Novel Developments For Increased Efficacy And Longevity Of Existing Clinically Approved Antibiotics

Ciprofloxacin is a fluoroquinolone, broad spectrum antibacterial agent where it fights against both Gram positive and Gram negative bacteria. It usually enters the bacteria via porins such as OmpF in E. coli and binds with the DNA proteins called DNA gyrase or DNA topoisomerase IV and a bacterial DNA to form a ternary complex in the cytoplasm. Mutation in the regulatory gene of bacterial DNA affects the biological synthesis of porins where it reduces the porins, and this usually associates with overproduction of efflux pumps, which lead to low concentration of ciprofloxacin in the bacteria. Therefore, it does not reach to the fatal level and the bacteria are still able to survive even though they are exposed to antibiotics.

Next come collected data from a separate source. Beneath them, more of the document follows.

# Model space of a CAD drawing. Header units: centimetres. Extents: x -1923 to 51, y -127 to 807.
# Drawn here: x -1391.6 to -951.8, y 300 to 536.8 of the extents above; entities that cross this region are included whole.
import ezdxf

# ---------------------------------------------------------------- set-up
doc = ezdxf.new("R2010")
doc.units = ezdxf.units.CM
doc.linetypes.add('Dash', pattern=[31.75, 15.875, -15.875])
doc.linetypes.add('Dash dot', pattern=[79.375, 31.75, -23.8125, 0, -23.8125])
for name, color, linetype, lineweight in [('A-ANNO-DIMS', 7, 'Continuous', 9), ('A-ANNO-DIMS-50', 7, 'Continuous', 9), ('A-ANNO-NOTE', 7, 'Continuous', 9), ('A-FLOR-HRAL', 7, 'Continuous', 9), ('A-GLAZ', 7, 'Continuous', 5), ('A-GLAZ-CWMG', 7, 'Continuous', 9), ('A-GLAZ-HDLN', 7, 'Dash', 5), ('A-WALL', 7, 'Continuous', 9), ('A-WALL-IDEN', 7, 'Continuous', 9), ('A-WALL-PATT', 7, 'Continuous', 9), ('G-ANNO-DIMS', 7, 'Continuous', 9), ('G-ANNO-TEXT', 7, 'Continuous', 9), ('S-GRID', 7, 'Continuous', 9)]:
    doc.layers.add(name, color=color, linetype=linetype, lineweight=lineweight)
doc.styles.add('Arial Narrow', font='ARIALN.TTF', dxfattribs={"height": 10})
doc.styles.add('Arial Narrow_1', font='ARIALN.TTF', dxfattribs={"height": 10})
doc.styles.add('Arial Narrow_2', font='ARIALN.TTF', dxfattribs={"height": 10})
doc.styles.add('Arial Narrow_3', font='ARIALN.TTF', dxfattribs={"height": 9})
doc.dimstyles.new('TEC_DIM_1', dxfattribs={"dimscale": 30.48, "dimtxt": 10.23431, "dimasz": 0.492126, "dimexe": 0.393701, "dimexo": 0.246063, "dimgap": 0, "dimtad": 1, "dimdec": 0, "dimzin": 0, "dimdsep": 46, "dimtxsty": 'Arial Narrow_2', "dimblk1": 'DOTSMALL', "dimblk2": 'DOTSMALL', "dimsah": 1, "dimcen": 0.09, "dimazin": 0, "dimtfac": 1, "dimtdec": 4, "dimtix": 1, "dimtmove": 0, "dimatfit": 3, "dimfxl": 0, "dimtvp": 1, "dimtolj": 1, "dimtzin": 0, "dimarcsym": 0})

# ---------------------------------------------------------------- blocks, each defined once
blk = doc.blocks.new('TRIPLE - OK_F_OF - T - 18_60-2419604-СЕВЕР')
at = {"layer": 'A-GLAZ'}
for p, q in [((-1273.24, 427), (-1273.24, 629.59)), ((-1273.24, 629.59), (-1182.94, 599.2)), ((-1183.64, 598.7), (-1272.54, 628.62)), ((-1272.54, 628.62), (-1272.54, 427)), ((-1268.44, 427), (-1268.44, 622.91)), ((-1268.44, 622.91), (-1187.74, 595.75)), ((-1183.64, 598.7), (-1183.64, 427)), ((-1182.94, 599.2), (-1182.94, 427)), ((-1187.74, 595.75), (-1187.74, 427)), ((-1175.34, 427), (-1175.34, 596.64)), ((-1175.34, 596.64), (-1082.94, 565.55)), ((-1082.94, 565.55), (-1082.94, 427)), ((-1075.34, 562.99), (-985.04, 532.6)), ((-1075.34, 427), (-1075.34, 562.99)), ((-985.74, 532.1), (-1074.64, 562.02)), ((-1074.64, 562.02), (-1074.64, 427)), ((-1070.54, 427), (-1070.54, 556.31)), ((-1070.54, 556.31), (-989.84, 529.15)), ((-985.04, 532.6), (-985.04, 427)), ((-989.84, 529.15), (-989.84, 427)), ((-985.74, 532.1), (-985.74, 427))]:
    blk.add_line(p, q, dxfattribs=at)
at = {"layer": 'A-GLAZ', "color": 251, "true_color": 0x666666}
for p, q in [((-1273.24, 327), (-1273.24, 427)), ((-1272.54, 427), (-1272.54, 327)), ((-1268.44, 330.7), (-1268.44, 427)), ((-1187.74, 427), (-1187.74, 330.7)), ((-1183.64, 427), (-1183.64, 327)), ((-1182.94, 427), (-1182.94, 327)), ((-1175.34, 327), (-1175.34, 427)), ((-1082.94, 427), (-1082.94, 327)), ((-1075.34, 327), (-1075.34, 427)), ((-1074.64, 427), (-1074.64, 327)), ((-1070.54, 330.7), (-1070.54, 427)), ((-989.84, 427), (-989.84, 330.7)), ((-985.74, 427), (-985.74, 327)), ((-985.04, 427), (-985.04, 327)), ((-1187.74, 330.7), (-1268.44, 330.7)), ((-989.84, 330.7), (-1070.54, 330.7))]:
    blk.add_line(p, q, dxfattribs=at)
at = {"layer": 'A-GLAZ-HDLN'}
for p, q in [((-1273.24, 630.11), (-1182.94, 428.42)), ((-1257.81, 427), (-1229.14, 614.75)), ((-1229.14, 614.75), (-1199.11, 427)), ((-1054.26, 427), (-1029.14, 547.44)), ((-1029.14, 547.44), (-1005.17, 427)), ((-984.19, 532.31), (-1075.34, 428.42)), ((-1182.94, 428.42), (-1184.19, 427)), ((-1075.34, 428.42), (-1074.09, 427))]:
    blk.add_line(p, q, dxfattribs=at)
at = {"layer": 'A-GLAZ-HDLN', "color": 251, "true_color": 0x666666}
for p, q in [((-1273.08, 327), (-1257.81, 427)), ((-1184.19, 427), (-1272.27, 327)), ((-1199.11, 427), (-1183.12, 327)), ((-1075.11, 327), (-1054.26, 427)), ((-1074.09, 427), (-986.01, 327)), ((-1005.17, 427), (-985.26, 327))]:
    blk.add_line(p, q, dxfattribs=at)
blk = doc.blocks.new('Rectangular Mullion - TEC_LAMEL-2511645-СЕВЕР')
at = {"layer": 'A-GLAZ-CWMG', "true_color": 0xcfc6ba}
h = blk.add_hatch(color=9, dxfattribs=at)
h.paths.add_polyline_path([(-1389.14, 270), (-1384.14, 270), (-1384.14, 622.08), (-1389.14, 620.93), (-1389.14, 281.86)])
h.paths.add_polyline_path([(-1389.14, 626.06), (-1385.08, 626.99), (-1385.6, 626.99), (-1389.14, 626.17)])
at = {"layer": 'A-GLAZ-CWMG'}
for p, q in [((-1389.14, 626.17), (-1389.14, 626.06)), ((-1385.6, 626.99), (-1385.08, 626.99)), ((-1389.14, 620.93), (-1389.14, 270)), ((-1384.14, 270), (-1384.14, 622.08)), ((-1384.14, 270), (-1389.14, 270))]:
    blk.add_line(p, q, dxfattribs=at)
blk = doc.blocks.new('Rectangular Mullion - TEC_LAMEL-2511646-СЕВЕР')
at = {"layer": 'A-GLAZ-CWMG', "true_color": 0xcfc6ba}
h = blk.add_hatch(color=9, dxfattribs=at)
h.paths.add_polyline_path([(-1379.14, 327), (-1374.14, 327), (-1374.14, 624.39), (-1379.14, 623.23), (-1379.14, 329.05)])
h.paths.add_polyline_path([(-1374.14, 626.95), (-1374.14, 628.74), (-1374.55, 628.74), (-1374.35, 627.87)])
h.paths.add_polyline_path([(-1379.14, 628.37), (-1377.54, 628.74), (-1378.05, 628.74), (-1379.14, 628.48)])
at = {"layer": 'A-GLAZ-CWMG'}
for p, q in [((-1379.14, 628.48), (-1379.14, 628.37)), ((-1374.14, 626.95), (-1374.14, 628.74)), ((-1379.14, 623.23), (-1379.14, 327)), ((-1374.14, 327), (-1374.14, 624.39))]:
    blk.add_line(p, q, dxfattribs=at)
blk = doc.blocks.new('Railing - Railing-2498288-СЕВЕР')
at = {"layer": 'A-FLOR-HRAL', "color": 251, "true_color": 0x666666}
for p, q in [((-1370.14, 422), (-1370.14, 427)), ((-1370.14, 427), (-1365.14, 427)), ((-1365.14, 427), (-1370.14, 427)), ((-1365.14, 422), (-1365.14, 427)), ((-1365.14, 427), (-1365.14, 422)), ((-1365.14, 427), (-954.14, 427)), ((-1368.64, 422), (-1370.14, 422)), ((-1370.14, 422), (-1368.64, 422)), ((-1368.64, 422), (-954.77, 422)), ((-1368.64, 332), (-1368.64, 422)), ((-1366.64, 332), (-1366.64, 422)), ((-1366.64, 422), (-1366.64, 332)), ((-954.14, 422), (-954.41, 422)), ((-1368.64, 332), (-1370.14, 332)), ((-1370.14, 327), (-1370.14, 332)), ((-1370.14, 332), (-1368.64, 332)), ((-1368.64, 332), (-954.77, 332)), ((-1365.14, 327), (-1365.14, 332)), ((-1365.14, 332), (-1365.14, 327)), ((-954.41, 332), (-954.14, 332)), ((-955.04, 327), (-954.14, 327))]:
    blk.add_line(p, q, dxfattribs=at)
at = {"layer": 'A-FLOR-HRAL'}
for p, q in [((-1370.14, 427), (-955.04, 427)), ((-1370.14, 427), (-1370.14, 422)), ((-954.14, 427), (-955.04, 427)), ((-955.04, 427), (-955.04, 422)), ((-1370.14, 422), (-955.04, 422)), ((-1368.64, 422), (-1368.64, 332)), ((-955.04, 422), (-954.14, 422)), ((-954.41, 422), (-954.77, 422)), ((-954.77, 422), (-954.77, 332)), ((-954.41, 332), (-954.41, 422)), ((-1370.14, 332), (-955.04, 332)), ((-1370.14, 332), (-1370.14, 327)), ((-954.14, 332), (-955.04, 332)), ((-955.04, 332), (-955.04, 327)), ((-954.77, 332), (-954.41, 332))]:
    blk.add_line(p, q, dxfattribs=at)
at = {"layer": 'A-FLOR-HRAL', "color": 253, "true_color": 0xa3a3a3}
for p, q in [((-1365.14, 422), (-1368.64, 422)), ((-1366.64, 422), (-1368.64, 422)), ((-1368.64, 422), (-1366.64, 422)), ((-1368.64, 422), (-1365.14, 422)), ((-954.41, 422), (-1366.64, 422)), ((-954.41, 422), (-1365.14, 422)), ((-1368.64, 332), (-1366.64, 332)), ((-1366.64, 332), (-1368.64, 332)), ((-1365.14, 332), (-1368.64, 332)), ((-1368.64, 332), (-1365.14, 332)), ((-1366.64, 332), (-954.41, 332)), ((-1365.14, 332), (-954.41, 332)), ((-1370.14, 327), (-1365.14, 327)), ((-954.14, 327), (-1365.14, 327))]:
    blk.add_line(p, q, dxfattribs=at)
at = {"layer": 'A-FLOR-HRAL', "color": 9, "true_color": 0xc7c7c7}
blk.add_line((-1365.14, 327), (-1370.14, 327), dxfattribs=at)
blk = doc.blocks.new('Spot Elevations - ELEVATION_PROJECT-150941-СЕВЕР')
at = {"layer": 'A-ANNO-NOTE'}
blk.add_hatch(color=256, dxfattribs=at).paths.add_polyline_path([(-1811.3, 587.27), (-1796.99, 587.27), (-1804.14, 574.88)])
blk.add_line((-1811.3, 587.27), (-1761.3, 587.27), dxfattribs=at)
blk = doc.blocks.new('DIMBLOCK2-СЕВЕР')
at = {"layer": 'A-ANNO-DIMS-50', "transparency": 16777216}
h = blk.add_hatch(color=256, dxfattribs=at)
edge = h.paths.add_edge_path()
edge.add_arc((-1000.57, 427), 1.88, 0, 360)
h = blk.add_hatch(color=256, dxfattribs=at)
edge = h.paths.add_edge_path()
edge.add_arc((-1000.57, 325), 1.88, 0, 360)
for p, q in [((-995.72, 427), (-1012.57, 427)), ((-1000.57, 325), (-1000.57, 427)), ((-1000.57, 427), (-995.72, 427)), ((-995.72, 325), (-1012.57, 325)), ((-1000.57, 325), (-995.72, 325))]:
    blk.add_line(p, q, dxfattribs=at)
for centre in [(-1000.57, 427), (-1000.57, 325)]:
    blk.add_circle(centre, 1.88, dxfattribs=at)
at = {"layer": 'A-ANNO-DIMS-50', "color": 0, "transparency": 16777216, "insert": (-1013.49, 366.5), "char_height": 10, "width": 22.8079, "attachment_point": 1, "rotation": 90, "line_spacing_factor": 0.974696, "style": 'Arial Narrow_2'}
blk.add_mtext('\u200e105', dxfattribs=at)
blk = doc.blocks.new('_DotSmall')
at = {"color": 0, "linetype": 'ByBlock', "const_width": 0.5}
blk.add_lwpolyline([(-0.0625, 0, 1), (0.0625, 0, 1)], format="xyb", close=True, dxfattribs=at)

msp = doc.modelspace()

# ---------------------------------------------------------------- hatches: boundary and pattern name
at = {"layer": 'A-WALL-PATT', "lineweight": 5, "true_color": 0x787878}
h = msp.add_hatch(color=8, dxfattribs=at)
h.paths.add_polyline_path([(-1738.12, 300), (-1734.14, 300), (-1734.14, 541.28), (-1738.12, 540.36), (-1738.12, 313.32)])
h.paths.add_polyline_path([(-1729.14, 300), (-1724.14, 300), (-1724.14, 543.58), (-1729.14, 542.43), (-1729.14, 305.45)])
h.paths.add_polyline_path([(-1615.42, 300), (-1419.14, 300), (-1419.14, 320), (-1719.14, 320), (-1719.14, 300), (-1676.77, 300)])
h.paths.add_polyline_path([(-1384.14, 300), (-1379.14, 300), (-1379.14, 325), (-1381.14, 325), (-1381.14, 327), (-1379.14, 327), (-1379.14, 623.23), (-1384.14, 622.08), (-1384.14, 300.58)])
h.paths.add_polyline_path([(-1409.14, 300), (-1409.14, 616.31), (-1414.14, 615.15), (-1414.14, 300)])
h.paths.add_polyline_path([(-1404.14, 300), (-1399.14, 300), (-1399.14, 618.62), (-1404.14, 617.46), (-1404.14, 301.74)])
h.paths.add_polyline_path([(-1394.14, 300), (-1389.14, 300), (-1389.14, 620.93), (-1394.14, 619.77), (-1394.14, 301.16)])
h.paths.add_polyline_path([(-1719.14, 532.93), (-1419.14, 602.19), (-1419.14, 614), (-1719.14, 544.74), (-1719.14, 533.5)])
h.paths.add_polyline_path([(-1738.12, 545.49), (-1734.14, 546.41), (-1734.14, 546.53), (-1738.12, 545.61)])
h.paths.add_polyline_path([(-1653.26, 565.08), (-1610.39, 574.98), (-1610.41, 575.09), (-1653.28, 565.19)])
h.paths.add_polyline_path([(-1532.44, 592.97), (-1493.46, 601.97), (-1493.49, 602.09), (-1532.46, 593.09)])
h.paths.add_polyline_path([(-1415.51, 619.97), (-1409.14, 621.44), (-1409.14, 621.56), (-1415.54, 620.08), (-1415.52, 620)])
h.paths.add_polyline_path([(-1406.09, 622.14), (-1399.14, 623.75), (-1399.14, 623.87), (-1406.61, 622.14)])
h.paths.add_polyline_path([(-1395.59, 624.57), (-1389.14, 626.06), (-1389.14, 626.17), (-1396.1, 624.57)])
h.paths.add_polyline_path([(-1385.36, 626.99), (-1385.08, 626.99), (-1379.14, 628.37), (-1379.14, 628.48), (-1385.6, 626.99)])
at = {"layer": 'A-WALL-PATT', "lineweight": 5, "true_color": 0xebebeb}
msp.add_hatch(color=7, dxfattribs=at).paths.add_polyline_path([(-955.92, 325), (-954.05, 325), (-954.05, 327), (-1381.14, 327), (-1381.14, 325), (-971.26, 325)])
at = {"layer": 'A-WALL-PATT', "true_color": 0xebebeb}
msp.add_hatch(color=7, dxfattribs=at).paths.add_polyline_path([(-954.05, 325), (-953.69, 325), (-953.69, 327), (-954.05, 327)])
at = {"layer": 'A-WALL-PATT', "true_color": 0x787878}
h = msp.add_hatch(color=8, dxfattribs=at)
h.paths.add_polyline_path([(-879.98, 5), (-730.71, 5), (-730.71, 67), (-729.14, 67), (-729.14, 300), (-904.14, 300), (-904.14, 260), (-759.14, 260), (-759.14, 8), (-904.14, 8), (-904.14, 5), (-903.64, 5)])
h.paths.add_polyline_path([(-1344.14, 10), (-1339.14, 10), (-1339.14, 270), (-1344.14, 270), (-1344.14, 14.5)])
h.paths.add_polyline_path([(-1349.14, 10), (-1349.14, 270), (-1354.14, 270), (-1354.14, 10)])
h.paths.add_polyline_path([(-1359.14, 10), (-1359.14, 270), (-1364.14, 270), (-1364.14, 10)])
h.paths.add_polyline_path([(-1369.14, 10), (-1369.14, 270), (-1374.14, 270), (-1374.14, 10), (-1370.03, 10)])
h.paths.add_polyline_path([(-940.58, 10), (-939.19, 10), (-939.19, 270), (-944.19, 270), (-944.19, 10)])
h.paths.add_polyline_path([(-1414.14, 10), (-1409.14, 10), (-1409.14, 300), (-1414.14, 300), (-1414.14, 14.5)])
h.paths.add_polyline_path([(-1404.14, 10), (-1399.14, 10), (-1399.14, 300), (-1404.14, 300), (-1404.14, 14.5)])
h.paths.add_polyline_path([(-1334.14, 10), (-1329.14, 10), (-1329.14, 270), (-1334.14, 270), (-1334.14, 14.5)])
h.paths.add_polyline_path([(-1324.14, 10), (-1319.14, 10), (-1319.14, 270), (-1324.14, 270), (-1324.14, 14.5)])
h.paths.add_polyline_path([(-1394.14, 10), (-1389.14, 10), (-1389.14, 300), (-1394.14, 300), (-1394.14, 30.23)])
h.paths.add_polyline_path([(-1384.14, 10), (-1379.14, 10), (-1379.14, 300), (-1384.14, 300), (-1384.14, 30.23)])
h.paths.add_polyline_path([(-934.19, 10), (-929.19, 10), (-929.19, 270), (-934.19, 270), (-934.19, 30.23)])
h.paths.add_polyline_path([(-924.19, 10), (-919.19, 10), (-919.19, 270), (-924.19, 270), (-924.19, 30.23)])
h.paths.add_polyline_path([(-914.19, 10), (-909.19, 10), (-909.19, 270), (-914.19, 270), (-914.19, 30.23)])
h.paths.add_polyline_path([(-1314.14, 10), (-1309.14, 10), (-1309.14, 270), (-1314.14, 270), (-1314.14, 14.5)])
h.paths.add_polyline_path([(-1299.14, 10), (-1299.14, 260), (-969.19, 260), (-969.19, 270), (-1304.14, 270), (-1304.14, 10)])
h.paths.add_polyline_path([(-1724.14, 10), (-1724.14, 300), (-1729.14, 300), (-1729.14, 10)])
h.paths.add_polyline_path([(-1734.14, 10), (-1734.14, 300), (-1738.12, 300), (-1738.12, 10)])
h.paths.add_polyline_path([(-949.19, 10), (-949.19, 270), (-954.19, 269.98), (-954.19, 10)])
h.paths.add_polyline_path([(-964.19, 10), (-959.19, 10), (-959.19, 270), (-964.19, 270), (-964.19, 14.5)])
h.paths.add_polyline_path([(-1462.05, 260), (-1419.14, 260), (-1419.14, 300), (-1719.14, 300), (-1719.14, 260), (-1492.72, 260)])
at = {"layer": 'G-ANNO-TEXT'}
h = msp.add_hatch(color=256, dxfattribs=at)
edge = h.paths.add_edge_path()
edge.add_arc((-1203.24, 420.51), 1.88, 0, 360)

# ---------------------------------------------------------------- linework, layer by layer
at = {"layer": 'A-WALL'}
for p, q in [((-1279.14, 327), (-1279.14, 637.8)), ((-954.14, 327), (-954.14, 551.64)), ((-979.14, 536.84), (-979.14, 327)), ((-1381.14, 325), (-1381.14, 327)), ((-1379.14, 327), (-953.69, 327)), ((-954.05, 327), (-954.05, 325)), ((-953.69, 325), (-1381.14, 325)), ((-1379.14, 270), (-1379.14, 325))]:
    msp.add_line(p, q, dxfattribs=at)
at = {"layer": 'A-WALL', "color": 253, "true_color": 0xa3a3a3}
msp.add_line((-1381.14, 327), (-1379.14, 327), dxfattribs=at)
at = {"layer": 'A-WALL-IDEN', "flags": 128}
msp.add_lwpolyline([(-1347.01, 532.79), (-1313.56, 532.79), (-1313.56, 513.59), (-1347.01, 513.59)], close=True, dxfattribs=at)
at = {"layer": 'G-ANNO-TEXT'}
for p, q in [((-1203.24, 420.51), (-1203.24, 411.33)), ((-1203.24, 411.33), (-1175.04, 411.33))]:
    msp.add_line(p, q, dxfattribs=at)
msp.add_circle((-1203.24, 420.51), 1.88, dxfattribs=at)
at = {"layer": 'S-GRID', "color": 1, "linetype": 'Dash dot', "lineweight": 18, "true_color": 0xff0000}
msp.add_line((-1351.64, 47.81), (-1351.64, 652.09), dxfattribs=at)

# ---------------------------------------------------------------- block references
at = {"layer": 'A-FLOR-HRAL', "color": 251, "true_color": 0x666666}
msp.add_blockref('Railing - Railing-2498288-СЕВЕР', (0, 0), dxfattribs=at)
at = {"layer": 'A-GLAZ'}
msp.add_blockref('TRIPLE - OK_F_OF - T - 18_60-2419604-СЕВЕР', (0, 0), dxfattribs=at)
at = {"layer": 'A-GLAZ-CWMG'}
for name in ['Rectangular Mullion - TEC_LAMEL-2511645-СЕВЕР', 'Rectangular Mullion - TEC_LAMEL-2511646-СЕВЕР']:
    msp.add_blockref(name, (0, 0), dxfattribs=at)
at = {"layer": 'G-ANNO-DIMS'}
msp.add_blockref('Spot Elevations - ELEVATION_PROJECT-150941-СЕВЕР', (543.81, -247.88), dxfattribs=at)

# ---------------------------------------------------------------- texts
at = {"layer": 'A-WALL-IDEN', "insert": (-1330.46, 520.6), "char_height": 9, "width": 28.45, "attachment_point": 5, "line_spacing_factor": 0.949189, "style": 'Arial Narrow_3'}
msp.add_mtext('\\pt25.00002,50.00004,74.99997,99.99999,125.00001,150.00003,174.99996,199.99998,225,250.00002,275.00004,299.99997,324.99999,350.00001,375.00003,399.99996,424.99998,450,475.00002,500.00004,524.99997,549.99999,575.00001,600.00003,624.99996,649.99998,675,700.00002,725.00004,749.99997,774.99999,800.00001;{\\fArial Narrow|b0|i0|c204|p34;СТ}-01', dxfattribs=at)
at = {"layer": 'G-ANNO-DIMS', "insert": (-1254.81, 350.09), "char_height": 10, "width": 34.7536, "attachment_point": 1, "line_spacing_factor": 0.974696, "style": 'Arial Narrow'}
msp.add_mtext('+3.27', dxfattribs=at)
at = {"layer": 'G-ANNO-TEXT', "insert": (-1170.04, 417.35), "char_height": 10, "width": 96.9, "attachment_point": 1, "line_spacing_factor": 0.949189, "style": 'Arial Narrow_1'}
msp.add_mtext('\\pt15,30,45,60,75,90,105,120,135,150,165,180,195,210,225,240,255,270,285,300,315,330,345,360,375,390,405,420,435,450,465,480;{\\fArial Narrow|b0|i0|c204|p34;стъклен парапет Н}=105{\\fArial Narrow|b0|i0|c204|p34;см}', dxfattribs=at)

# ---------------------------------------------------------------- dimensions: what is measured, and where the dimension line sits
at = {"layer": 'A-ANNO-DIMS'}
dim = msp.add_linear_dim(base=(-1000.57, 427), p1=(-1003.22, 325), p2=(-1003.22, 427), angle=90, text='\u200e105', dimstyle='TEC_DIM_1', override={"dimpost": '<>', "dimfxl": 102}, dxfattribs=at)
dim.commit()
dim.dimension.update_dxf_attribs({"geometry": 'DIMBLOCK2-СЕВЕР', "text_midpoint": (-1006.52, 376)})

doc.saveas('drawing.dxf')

This condition is called antibiotic resistance. ‘Trojan Horse’ strategy is one of the strategies to solve this phenomenon, where the antibiotic is smuggled into the cytoplasm of the bacteria by a vector called siderophore, which in nature, it is secreted by the bacteria to solubilise the ferric iron and enter the bacteria through the active pump for their survival. Our research group has synthesised many new siderophore-drug conjugates that based on the fluoroquinolone as the drug and δ-hydroxycarboxylate-type of siderophore as a vector. In this project, different polarities of 1,5-citrate ciprofloxacin conjugates were successfully synthesised and screened with a panel of clinically relevant bacteria and found that the using 1,5-citrate as a siderophore and hydrophilicity of siderophore-drug conjugates can improve marginally the efficacy of the drug conjugates.